Tom Lowder

Personal information
- Full name: Thomas William Lowder
- Date of birth: 24 November 1924
- Place of birth: Worksop, England
- Date of death: 15 May 1999 (aged 74)
- Place of death: Boston, Lincolnshire, England
- Position(s): Outside-forward

Senior career*
- Years: Team / Apps / (Gls)
- 1946–1947: Crystal Palace / 0 / (0)
- 1947–1949: Rotherham United / 8 / (5)
- 1949: Boston United / 9 / (5)
- 1949–1953: Southampton / 39 / (2)
- 1953–1954: Southend United / 21 / (3)
- 1954–1960: Boston United / 237 / (53)
- 1960–1961: Skegness Town
- 1961–1962: Boston United / 4 / (0)

= Tom Lowder =

English footballer (1924-1999)

Thomas William Lowder (24 November 1924 – 15 May 1999) was an English footballer who played as an outside-forward in the 1950s, spending most of his career with Boston United as well as playing in the Football League with Rotherham United, Southampton and Southend United.

==Football career==
Lowder was born in Worksop, Nottinghamshire, but started his football career in London with Crystal Palace, whom he joined as an amateur in September 1946. He failed to make the first team with Palace and in August 1947, he joined Rotherham United where he spent two seasons in the Third Division North. He made his debut for the "Millers" on 4 December 1948, when he scored a hat-trick in an 8–1 win at Carlisle United. During his two years at the Millmoor club, Lowder managed only eight league appearances, in which he scored two further goals as Rotherham finished both seasons as runners-up, missing out on the single promotion place.

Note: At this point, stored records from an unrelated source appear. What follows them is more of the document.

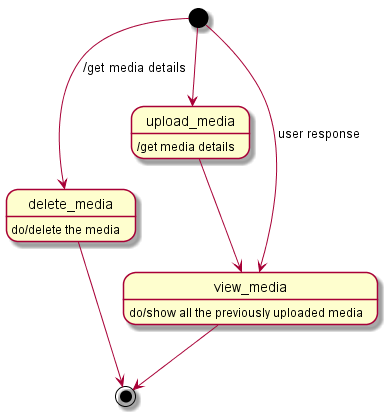

The diagram above was rendered by PlantUML. Its source (embedded in the PNG):
@startuml 

[*] --> delete_media : /get media details
delete_media : do/delete the media 
[*] --> upload_media 
upload_media : /get media details 
upload_media --> view_media 
view_media : do/show all the previously uploaded media
[*] --> view_media : user response
view_media --> [*]
delete_media --> [*]

@enduml

He was allowed to leave Rotherham in the 1949 close season when he signed up with Boston United. He played nine games and scored five goals whilst playing on the left wing before he was transferred to Southampton for £1500 in October. Southampton's manager, Sid Cann, had gone to Boston to look at Bryn Elliott in a Midland League match but he was so impressed with Lowder's fast wing play that he signed both players.

He made his debut for the "Saints" at Chesterfield on 26 November 1949, when he took the place of Welsh international Ernie Jones for one match, but it was not until January that he had a run of matches, when Jones was out injured. Jones regained his place at the start of April and Lowder returned to the reserves. In the following season, Lowder vied for the outside-left position with Jack Edwards and John Mitchell, making only three appearances. Lowder eventually displaced Edwards in December 1951 and retained his place for the remainder of the 1951–52 season. An attack of peritonitis restricted his appearances the following season to just six and in May 1953 he agreed to join Southend United in search of regular football. In his four years at The Dell, Lowder made only 39 appearances, scoring twice.

Lowder spent one season with Southend, in which he made a total of 22 appearances with three goals before returning to Boston in June 1954.

At Boston, he was snapped up by Ray Middleton at the start of the 1954–55 Midland League season and became a fixture in the Boston United side over the next six years, rarely missing a match. In his first season, playing mostly at inside-left, Lowder scored 19 goals in 45 games as Boston finished fifth in the Midland League. He also played in all seven FA Cup matches and scored six goals.

The following season, he made all his appearances at left-half, with 40 games in the league (four goals) and all four FA Cup matches (one goal). He played in the club's FA cup run of 1955–56 which culminated with a 6–1 victory at Derby County, then playing in Third Division North. This was a record away win by a non-league team against League opponents in the FA Cup. this set up a Third round match against Spurs of the Football League First Division at White Hart Lane, which was lost 4–0. Boston finished the 1955–56 season as runners-up in the Midland League.

In 1956–57, Lowder played in every first team game for Boston, 46 league games with six goals, two FA Cup matches and two in the Lincolnshire Senior Cup followed by 43 league (six goals) and three FA Cup matches in the following season. In 1958–59, Boston joined the Southern League (North-Western Section) finishing in third place, with Lowder missing only one match.

He left Boston to play for Skegness Town for the 1960–61 season, but briefly returned to Boston for a few games in the 1961–62 season. At Skegness, he played alongside the comedian, Charlie Williams.

==Later career==
Lowder settled in Boston and, after finishing his playing career, he ran an off-licence and grocery store, from which he retired in June 1990. He died in Boston in May 1999 aged 74.